[WHAT THE TASK REQUIRES]
Set down exactly the lines in the records below that run from the line with "#84=CARTESIAN_POINT('',(60.,5.,13.1180569838659));" to the line with "#104=ORIENTED_EDGE('',*,*,#103,.T.);", inclusive, and nothing more.

[GIVEN RECORDS]
++++++++++

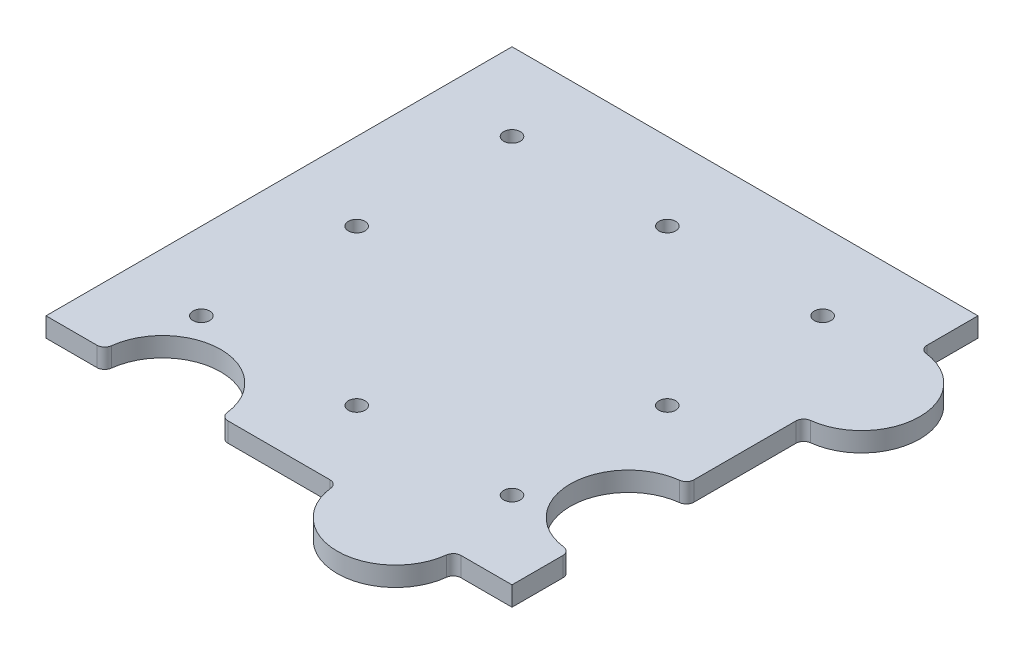
ISO-10303-21;
HEADER;
FILE_DESCRIPTION(('STEP AP214'),'2;1');
FILE_NAME('part.step','',(''),(''),'','','');
FILE_SCHEMA(('AUTOMOTIVE_DESIGN { 1 0 10303 214 1 1 1 1 }'));
ENDSEC;
DATA;
#1=APPLICATION_CONTEXT('core data for automotive mechanical design processes');
#2=APPLICATION_PROTOCOL_DEFINITION('international standard','automotive_design',2000,#1);
#3=PRODUCT_CONTEXT('',#1,'mechanical');
#4=PRODUCT('Part','Part','',(#3));
#5=PRODUCT_RELATED_PRODUCT_CATEGORY('part','',(#4));
#6=PRODUCT_DEFINITION_FORMATION('','',#4);
#7=PRODUCT_DEFINITION_CONTEXT('part definition',#1,'design');
#8=PRODUCT_DEFINITION('design','',#6,#7);
#9=PRODUCT_DEFINITION_SHAPE('','',#8);
#10=(LENGTH_UNIT() NAMED_UNIT(*) SI_UNIT(.MILLI.,.METRE.));
#11=(NAMED_UNIT(*) PLANE_ANGLE_UNIT() SI_UNIT($,.RADIAN.));
#12=(NAMED_UNIT(*) SI_UNIT($,.STERADIAN.) SOLID_ANGLE_UNIT());
#13=UNCERTAINTY_MEASURE_WITH_UNIT(LENGTH_MEASURE(1.E-05),#10,'distance_accuracy_value','');
#14=(GEOMETRIC_REPRESENTATION_CONTEXT(3) GLOBAL_UNCERTAINTY_ASSIGNED_CONTEXT((#13)) GLOBAL_UNIT_ASSIGNED_CONTEXT((#10,
#11,#12)) REPRESENTATION_CONTEXT('',''));
#15=CARTESIAN_POINT('',(0.,0.,0.));
#16=DIRECTION('',(0.,0.,1.));
#17=DIRECTION('',(1.,0.,0.));
#18=AXIS2_PLACEMENT_3D('',#15,#16,#17);
#19=CARTESIAN_POINT('',(60.,5.,30.));
#20=DIRECTION('',(0.,1.,0.));
#21=DIRECTION('',(0.,0.,1.));
#22=AXIS2_PLACEMENT_3D('',#19,#20,#21);
#23=PLANE('',#22);
#24=CARTESIAN_POINT('',(40.,5.,0.));
#25=DIRECTION('',(0.,1.,0.));
#26=DIRECTION('',(0.,0.,1.));
#27=AXIS2_PLACEMENT_3D('',#24,#25,#26);
#28=CIRCLE('',#27,2.15);
#29=CARTESIAN_POINT('',(40.,5.,2.15));
#30=VERTEX_POINT('',#29);
#31=EDGE_CURVE('E478',#30,#30,#28,.T.);
#32=ORIENTED_EDGE('',*,*,#31,.F.);
#33=EDGE_LOOP('',(#32));
#34=FACE_BOUND('',#33,.T.);
#35=CARTESIAN_POINT('',(0.,5.,-40.));
#36=DIRECTION('',(0.,1.,0.));
#37=DIRECTION('',(0.,0.,1.));
#38=AXIS2_PLACEMENT_3D('',#35,#36,#37);
#39=CIRCLE('',#38,2.15);
#40=CARTESIAN_POINT('',(0.,5.,-37.85));
#41=VERTEX_POINT('',#40);
#42=EDGE_CURVE('E462',#41,#41,#39,.T.);
#43=ORIENTED_EDGE('',*,*,#42,.F.);
#44=EDGE_LOOP('',(#43));
#45=FACE_BOUND('',#44,.T.);
#46=CARTESIAN_POINT('',(-40.,5.,40.));
#47=DIRECTION('',(0.,1.,0.));
#48=DIRECTION('',(0.,0.,1.));
#49=AXIS2_PLACEMENT_3D('',#46,#47,#48);
#50=CIRCLE('',#49,2.15);
#51=CARTESIAN_POINT('',(-40.,5.,42.15));
#52=VERTEX_POINT('',#51);
#53=EDGE_CURVE('E446',#52,#52,#50,.T.);
#54=ORIENTED_EDGE('',*,*,#53,.F.);
#55=EDGE_LOOP('',(#54));
#56=FACE_BOUND('',#55,.T.);
#57=CARTESIAN_POINT('',(-40.,5.,-40.));
#58=DIRECTION('',(0.,1.,0.));
#59=DIRECTION('',(0.,0.,1.));
#60=AXIS2_PLACEMENT_3D('',#57,#58,#59);
#61=CIRCLE('',#60,2.15);
#62=CARTESIAN_POINT('',(-40.,5.,-37.85));
#63=VERTEX_POINT('',#62);
#64=EDGE_CURVE('E350',#63,#63,#61,.T.);
#65=ORIENTED_EDGE('',*,*,#64,.F.);
#66=EDGE_LOOP('',(#65));
#67=FACE_BOUND('',#66,.T.);
#68=CARTESIAN_POINT('',(60.,5.,30.));
#69=DIRECTION('',(0.,-1.,0.));
#70=DIRECTION('',(0.,0.,1.));
#71=AXIS2_PLACEMENT_3D('',#68,#69,#70);
#72=CIRCLE('',#71,15.);
#73=CARTESIAN_POINT('',(58.235294117647,5.,44.8958320730595));
#74=VERTEX_POINT('',#73);
#75=CARTESIAN_POINT('',(58.235294117647,5.,15.1041679269405));
#76=VERTEX_POINT('',#75);
#77=EDGE_CURVE('E205',#74,#76,#72,.T.);
#78=ORIENTED_EDGE('',*,*,#77,.T.);
#79=CARTESIAN_POINT('',(58.,5.,13.1180569838659));
#80=DIRECTION('',(0.,1.,0.));
#81=DIRECTION('',(0.,0.,1.));
#82=AXIS2_PLACEMENT_3D('',#79,#80,#81);
#83=CIRCLE('',#82,2.);
#84=CARTESIAN_POINT('',(60.,5.,13.1180569838659));
#85=VERTEX_POINT('',#84);
#86=EDGE_CURVE('E266',#76,#85,#83,.T.);
#87=ORIENTED_EDGE('',*,*,#86,.T.);
#88=DIRECTION('',(0.,0.,-1.));
#89=VECTOR('',#88,1.);
#90=CARTESIAN_POINT('',(60.,5.,-15.));
#91=LINE('',#90,#89);
#92=CARTESIAN_POINT('',(60.,5.,-13.1180569838659));
#93=VERTEX_POINT('',#92);
#94=EDGE_CURVE('E428',#85,#93,#91,.T.);
#95=ORIENTED_EDGE('',*,*,#94,.T.);
#96=CARTESIAN_POINT('',(62.,5.,-13.1180569838659));
#97=DIRECTION('',(0.,1.,0.));
#98=DIRECTION('',(0.,0.,1.));
#99=AXIS2_PLACEMENT_3D('',#96,#97,#98);
#100=CIRCLE('',#99,2.);
#101=CARTESIAN_POINT('',(61.7647058823529,5.,-15.1041679269405));
#102=VERTEX_POINT('',#101);
#103=EDGE_CURVE('E306',#93,#102,#100,.F.);
#104=ORIENTED_EDGE('',*,*,#103,.T.);
#105=CARTESIAN_POINT('',(60.,5.,-30.));
#106=DIRECTION('',(0.,1.,0.));
#107=DIRECTION('',(0.,0.,-1.));
#108=AXIS2_PLACEMENT_3D('',#105,#106,#107);
#109=CIRCLE('',#108,15.);
#110=CARTESIAN_POINT('',(61.7647058823529,5.,-44.8958320730595));
#111=VERTEX_POINT('',#110);
#112=EDGE_CURVE('E424',#102,#111,#109,.T.);
#113=ORIENTED_EDGE('',*,*,#112,.T.);
#114=CARTESIAN_POINT('',(62.,5.,-46.8819430161341));
#115=DIRECTION('',(0.,1.,0.));
#116=DIRECTION('',(0.,0.,1.));
#117=AXIS2_PLACEMENT_3D('',#114,#115,#116);
#118=CIRCLE('',#117,2.);
#119=CARTESIAN_POINT('',(60.,5.,-46.8819430161341));
#120=VERTEX_POINT('',#119);
#121=EDGE_CURVE('E300',#111,#120,#118,.F.);
#122=ORIENTED_EDGE('',*,*,#121,.T.);
#123=DIRECTION('',(0.,0.,-1.));
#124=VECTOR('',#123,1.);
#125=CARTESIAN_POINT('',(60.,5.,-45.));
#126=LINE('',#125,#124);
#127=CARTESIAN_POINT('',(60.,5.,-60.));
#128=VERTEX_POINT('',#127);
#129=EDGE_CURVE('E421',#120,#128,#126,.T.);
#130=ORIENTED_EDGE('',*,*,#129,.T.);
#131=DIRECTION('',(-1.,0.,0.));
#132=VECTOR('',#131,1.);
#133=CARTESIAN_POINT('',(-60.,5.,-60.));
#134=LINE('',#133,#132);
#135=CARTESIAN_POINT('',(-60.,5.,-60.));
#136=VERTEX_POINT('',#135);
#137=EDGE_CURVE('E418',#128,#136,#134,.T.);
#138=ORIENTED_EDGE('',*,*,#137,.T.);
#139=DIRECTION('',(0.,0.,1.));
#140=VECTOR('',#139,1.);
#141=CARTESIAN_POINT('',(-60.,5.,60.));
#142=LINE('',#141,#140);
#143=CARTESIAN_POINT('',(-60.,5.,60.));
#144=VERTEX_POINT('',#143);
#145=EDGE_CURVE('E390',#136,#144,#142,.T.);
#146=ORIENTED_EDGE('',*,*,#145,.T.);
#147=DIRECTION('',(1.,0.,0.));
#148=VECTOR('',#147,1.);
#149=CARTESIAN_POINT('',(-60.,5.,60.));
#150=LINE('',#149,#148);
#151=CARTESIAN_POINT('',(-46.8819430161341,5.,60.));
#152=VERTEX_POINT('',#151);
#153=EDGE_CURVE('E408',#144,#152,#150,.T.);
#154=ORIENTED_EDGE('',*,*,#153,.T.);
#155=CARTESIAN_POINT('',(-46.8819430161341,5.,58.));
#156=DIRECTION('',(0.,1.,0.));
#157=DIRECTION('',(0.,0.,1.));
#158=AXIS2_PLACEMENT_3D('',#155,#156,#157);
#159=CIRCLE('',#158,2.);
#160=CARTESIAN_POINT('',(-44.8958320730595,5.,58.2352941176471));
#161=VERTEX_POINT('',#160);
#162=EDGE_CURVE('E257',#152,#161,#159,.T.);
#163=ORIENTED_EDGE('',*,*,#162,.T.);
#164=CARTESIAN_POINT('',(-30.,5.,60.));
#165=DIRECTION('',(0.,-1.,0.));
#166=DIRECTION('',(0.,0.,-1.));
#167=AXIS2_PLACEMENT_3D('',#164,#165,#166);
#168=CIRCLE('',#167,15.);
#169=CARTESIAN_POINT('',(-15.1041679269405,5.,58.2352941176471));
#170=VERTEX_POINT('',#169);
#171=EDGE_CURVE('E343',#161,#170,#168,.T.);
#172=ORIENTED_EDGE('',*,*,#171,.T.);
#173=CARTESIAN_POINT('',(-13.1180569838659,5.,58.));
#174=DIRECTION('',(0.,1.,0.));
#175=DIRECTION('',(0.,0.,1.));
#176=AXIS2_PLACEMENT_3D('',#173,#174,#175);
#177=CIRCLE('',#176,2.);
#178=CARTESIAN_POINT('',(-13.1180569838659,5.,60.));
#179=VERTEX_POINT('',#178);
#180=EDGE_CURVE('E260',#170,#179,#177,.T.);
#181=ORIENTED_EDGE('',*,*,#180,.T.);
#182=DIRECTION('',(1.,0.,0.));
#183=VECTOR('',#182,1.);
#184=CARTESIAN_POINT('',(-15.,5.,60.));
#185=LINE('',#184,#183);
#186=CARTESIAN_POINT('',(13.1180569838659,5.,60.));
#187=VERTEX_POINT('',#186);
#188=EDGE_CURVE('E337',#179,#187,#185,.T.);
#189=ORIENTED_EDGE('',*,*,#188,.T.);
#190=CARTESIAN_POINT('',(13.1180569838659,5.,62.));
#191=DIRECTION('',(0.,1.,0.));
#192=DIRECTION('',(0.,0.,1.));
#193=AXIS2_PLACEMENT_3D('',#190,#191,#192);
#194=CIRCLE('',#193,2.);
#195=CARTESIAN_POINT('',(15.1041679269405,5.,61.7647058823529));
#196=VERTEX_POINT('',#195);
#197=EDGE_CURVE('E11',#187,#196,#194,.F.);
#198=ORIENTED_EDGE('',*,*,#197,.T.);
#199=CARTESIAN_POINT('',(30.,5.,60.));
#200=DIRECTION('',(0.,1.,0.));
#201=DIRECTION('',(0.,0.,1.));
#202=AXIS2_PLACEMENT_3D('',#199,#200,#201);
#203=CIRCLE('',#202,15.);
#204=CARTESIAN_POINT('',(44.8958320730595,5.,61.7647058823529));
#205=VERTEX_POINT('',#204);
#206=EDGE_CURVE('E334',#196,#205,#203,.T.);
#207=ORIENTED_EDGE('',*,*,#206,.T.);
#208=CARTESIAN_POINT('',(46.8819430161341,5.,62.));
#209=DIRECTION('',(0.,1.,0.));
#210=DIRECTION('',(0.,0.,1.));
#211=AXIS2_PLACEMENT_3D('',#208,#209,#210);
#212=CIRCLE('',#211,2.);
#213=CARTESIAN_POINT('',(46.8819430161341,5.,60.));
#214=VERTEX_POINT('',#213);
#215=EDGE_CURVE('E189',#205,#214,#212,.F.);
#216=ORIENTED_EDGE('',*,*,#215,.T.);
#217=DIRECTION('',(1.,0.,0.));
#218=VECTOR('',#217,1.);
#219=CARTESIAN_POINT('',(45.,5.,60.));
#220=LINE('',#219,#218);
#221=CARTESIAN_POINT('',(60.,5.,60.));
#222=VERTEX_POINT('',#221);
#223=EDGE_CURVE('E182',#214,#222,#220,.T.);
#224=ORIENTED_EDGE('',*,*,#223,.T.);
#225=DIRECTION('',(0.,0.,-1.));
#226=VECTOR('',#225,1.);
#227=CARTESIAN_POINT('',(60.,5.,45.));
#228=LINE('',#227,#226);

++++++++++

[RESPONSE FOR THIS EXERCISE]
#84=CARTESIAN_POINT('',(60.,5.,13.1180569838659));
#85=VERTEX_POINT('',#84);
#86=EDGE_CURVE('E266',#76,#85,#83,.T.);
#87=ORIENTED_EDGE('',*,*,#86,.T.);
#88=DIRECTION('',(0.,0.,-1.));
#89=VECTOR('',#88,1.);
#90=CARTESIAN_POINT('',(60.,5.,-15.));
#91=LINE('',#90,#89);
#92=CARTESIAN_POINT('',(60.,5.,-13.1180569838659));
#93=VERTEX_POINT('',#92);
#94=EDGE_CURVE('E428',#85,#93,#91,.T.);
#95=ORIENTED_EDGE('',*,*,#94,.T.);
#96=CARTESIAN_POINT('',(62.,5.,-13.1180569838659));
#97=DIRECTION('',(0.,1.,0.));
#98=DIRECTION('',(0.,0.,1.));
#99=AXIS2_PLACEMENT_3D('',#96,#97,#98);
#100=CIRCLE('',#99,2.);
#101=CARTESIAN_POINT('',(61.7647058823529,5.,-15.1041679269405));
#102=VERTEX_POINT('',#101);
#103=EDGE_CURVE('E306',#93,#102,#100,.F.);
#104=ORIENTED_EDGE('',*,*,#103,.T.);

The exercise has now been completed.